Black Mountain Acquisition Corp.

425 Houston Street, Suite 400

Fort Worth, Texas 76102

March 22, 2023

Division of Corporation Finance

Office of Real Estate & Construction

United States Securities and Exchange Commission

Division of Corporation Finance

100 F Street, N.E.

Washington, D.C. 20549-3561



Black Mountain Acquisition Corp.

Preliminary Proxy Statement on Schedule 14A

Filed March 14, 2023

File No. 001-40907

Ladies and Gentlemen:

Set forth below is the response of Black Mountain Acquisition Corp. (the “Company,” “we,” “us” or “our”) to the comment received from the staff of the Division of Corporation Finance (the “Staff”) of the U.S. Securities and Exchange Commission (the “Commission”) by letter dated March 21, 2023, with respect to the Company’s Preliminary Proxy Statement on Schedule 14A, File No. 001-40907, filed with the Commission on March 14, 2023 (the “Proxy Statement”). Concurrently with the submission of this letter, the Company is filing an Amendment No. 1 to the Proxy Statement (the “Amended Proxy Statement”) to make certain other changes.

For your convenience, the response is prefaced by the exact text of the Staff’s corresponding comment in bold, italicized text.

Form PRE 14A filed March 14, 2023

Risk Factors, page 14



With a view toward disclosure, please tell us whether your sponsor is, is controlled by, or has substantial ties with a non-U.S. person. If so, also include risk factor disclosure that addresses how this fact could impact your ability to complete your initial business combination. For instance, discuss the risk to investors that you may not be able to complete an initial business combination with a U.S. target company should the transaction be subject to review by a U.S. government entity, such as the Committee on Foreign Investment in the United States (CFIUS), or ultimately prohibited. Disclose that as a result, the pool of potential targets with which you could complete an initial business combination may be limited. Further, disclose that the time necessary for government review of the transaction or a decision to prohibit the transaction could prevent you from completing an initial business combination and require you to liquidate. Disclose the consequences of liquidation to investors, such as the losses of the investment opportunity in a target company, any price appreciation in the combined company, and the warrants which would expire worthless.
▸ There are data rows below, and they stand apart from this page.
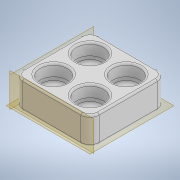
# Autodesk Inventor part: Test_Well2x2
Saved by Autodesk Inventor 2022 (Build 260153000, 153)
## iProperties
Created: 2021-11-23
Part Number: Test_Well2x2
Material: Generic
Document SubType Name: Modeling
Designer: Gareth
Density: 1 g/cm^3
Appearance: Default
Author: Gareth
Autodesk Inventor part; units mm, degrees
sketch "Sketch1" plane through (0, 0, 0) normal (0, 1, 0) x (-1, 0, 0)
  line L0 (0, 0) -> (-42, 0)
  line L1 (-42, 0) -> (-42, -42)
  line L2 (-42, -42) -> (0, -42)
  line L3 (0, -42) -> (0, 0)
  dimension "d0" = 42
  dimension "d1" = 42
  constraints: 8 end point, 2 parallel, 1 horizontal, 1 perpendicular
  measures "d0" distance of L1.end L2.end
  measures "d1" distance of L0.end L1.end
extrude "Extrusion1" add sketch "Sketch1" along normal blind 15
sketch "Sketch2" plane through (0, 15, 0) normal (0, 1, 0) x (1, 0, 0)
  line L0 (42, 42) -> (0, 42) projected
  line L1 (0, 42) -> (0, 0) projected
  line L2 (42, 0) -> (42, 42) projected
  line L3 (0, 0) -> (42, 0) projected
  circle A0 centre (11, 31) radius 7.5
  dimension "d4" = 15
  dimension "d5" = 11
  dimension "d6" = 11
  constraints: 1 centre point
  measures "d4" diameter of A0
  measures "d5" distance from line of L0 A0.centre
  measures "d6" distance from line of L1 A0.centre
extrude "Extrusion2" cut sketch "Sketch2" against normal blind 7.5 contours A0
fillet "Fillet1" radius 1 2 edges at (3.5, 7.5, -31) (3.5, 15, -31)
pattern_linear "Rectangular Pattern2" count 2 spacing 20 along (1, 0, 0) of "Extrusion2", "Fillet1"
pattern_linear "Rectangular Pattern3" count 2 spacing 20 along (0, 0, 1) of "Extrusion2", "Fillet1", "Rectangular Pattern2"
fillet "Fillet2" radius 5 4 edges at (0, 7.5, 0) (42, 7.5, 0) (0, 7.5, -42) (42, 7.5, -42)
fillet "Fillet3" radius 1 16 edges at (21, 15, -42) (1.4645, 15, -40.5355) (0, 15, -21) (1.4645, 15, -1.4645) (21, 15, 0) (40.5355, 15, -1.4645) (42, 15, -21) (40.5355, 15, -40.5355) (1.4645, 0, -40.5355) (0, 0, -21) (1.4645, 0, -1.4645) (21, 0, 0) (40.5355, 0, -1.4645) (42, 0, -21) (40.5355, 0, -40.5355) (21, 0, -42)
body "Solid1"

U.S. Securities and Exchange Commission

March 22, 2023

Page 2


RESPONSE: We respectfully advise the Staff that the Company’s sponsor, Black Mountain Sponsor LLC, a Delaware limited liability company, is not, is not controlled by and does not have substantial ties with, any non-U.S. person. Accordingly, we have not revised the disclosure in the Amended Proxy Statement in response to this comment.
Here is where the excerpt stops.